Generate Semantic Models

The buster generate command creates or updates semantic model YAML definitions from your dbt project. This powerful automation tool significantly reduces the manual work required to set up and maintain your semantic layer.

Basic Usage

buster generate

Command Options

OptionDescription
--path PATHOptional path to a specific dbt model .sql file or directory of models to process. If not provided, uses the model_paths in buster.yml.
--output-file FILE, -o FILEOptional path to the semantic model YAML file to update.
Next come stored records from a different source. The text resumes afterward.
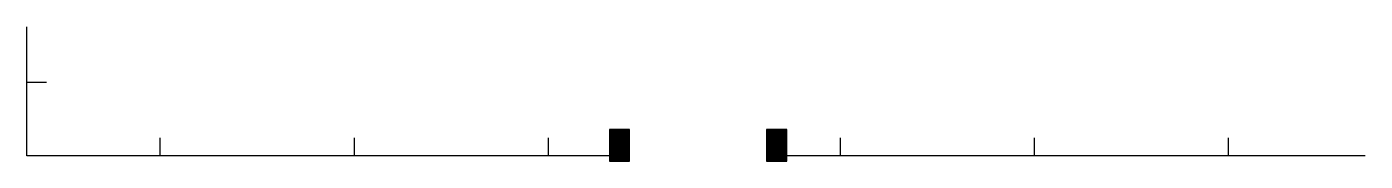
# Model space of a CAD drawing. Header units: metres. Extents: x 53095 to 56095, y 9328 to 9630.
import ezdxf

# ---------------------------------------------------------------- set-up
doc = ezdxf.new("R2010")
doc.units = ezdxf.units.M

msp = doc.modelspace()

# ---------------------------------------------------------------- hatches: boundary and pattern name
h = msp.add_hatch()
h.set_pattern_fill('SOLID')
h.paths.add_polyline_path([(54446.35, 9399.34), (54401.12, 9399.34), (54401.12, 9327.92), (54446.35, 9327.92)])
h = msp.add_hatch()
h.set_pattern_fill('SOLID')
h.paths.add_polyline_path([(54798.32, 9399.34), (54753.1, 9399.34), (54753.1, 9327.92), (54798.32, 9327.92)])

# ---------------------------------------------------------------- linework, layer by layer
for p, q in [((53095.03, 9339.84), (53095.03, 9630.14)), ((53095.03, 9505.56), (53138.93, 9505.56)), ((53394.17, 9339.84), (53394.17, 9380.88)), ((53829.25, 9339.84), (53829.25, 9380.88)), ((54264.33, 9339.84), (54264.33, 9380.88)), ((54918.54, 9339.84), (54918.54, 9380.88)), ((55353.63, 9339.84), (55353.63, 9380.88)), ((55788.71, 9339.84), (55788.71, 9380.88)), ((54401.12, 9339.84), (53095.03, 9339.84)), ((56095.03, 9339.84), (54798.32, 9339.84))]:
    msp.add_line(p, q)
for points in [[(54401.12, 9327.92), (54446.35, 9327.92), (54446.35, 9399.34), (54401.12, 9399.34)], [(54753.1, 9327.92), (54798.32, 9327.92), (54798.32, 9399.34), (54753.1, 9399.34)]]:
    msp.add_lwpolyline(points, close=True)

doc.saveas('drawing.dxf')

If not provided, uses semantic_models_file from buster.yml.

How It Works

The generate command:

  1. Checks if a buster.yml file exists in your current directory
  2. Runs dbt docs generate to refresh the dbt catalog (if you confirm)
  3. Parses the catalog.json file to extract model metadata
  4. Intelligently creates dimensions and measures based on column data types
  5. Generates YAML semantic model files that are compatible with Buster

Catalog Processing

The command processes your dbt catalog by:

  1. Finding all SQL files in specified model paths
  2. Matching each SQL file with its corresponding entry in the catalog
  3. Extracting metadata like column names, types, and descriptions
  4. Generating semantic model YAML content for each model

Type Classification

The command uses these rules to classify columns:

  • Measures are created for:

    • Integer types (int, numeric, decimal)
    • Floating-point types (real, double, float)
    • Money types (money, number)
  • Dimensions are created for other types:

    • String types
    • Date/time types
    • Boolean types
    • And any other non-numeric types

Output Modes

The command supports two modes for placing generated YAML files:

  1. Side-by-side: Places YAML files next to their corresponding SQL files (default)
  2. Dedicated Directory: Places all YAML files in a specified directory structure

When using side-by-side mode, the command automatically updates your .dbtignore file to exclude the generated YAML files from dbt processing.

Examples

Basic Generation

Generate semantic models using paths from buster.yml:

buster generate

Process Specific Path

Generate models for SQL files in a specific directory:

buster generate --path models/marketing

Specify Output File

Generate models and place them in a specific file:

buster generate --output-file semantic_models/marketing.yml

Updating Existing Models

When you run the command on SQL files that already have corresponding YAML models:

  • New columns will be added as dimensions or measures
  • Existing dimensions and measures will be preserved with their current settings
  • The command will not remove custom configurations like metrics or relationships

This makes it safe to run the command regularly as your dbt models evolve.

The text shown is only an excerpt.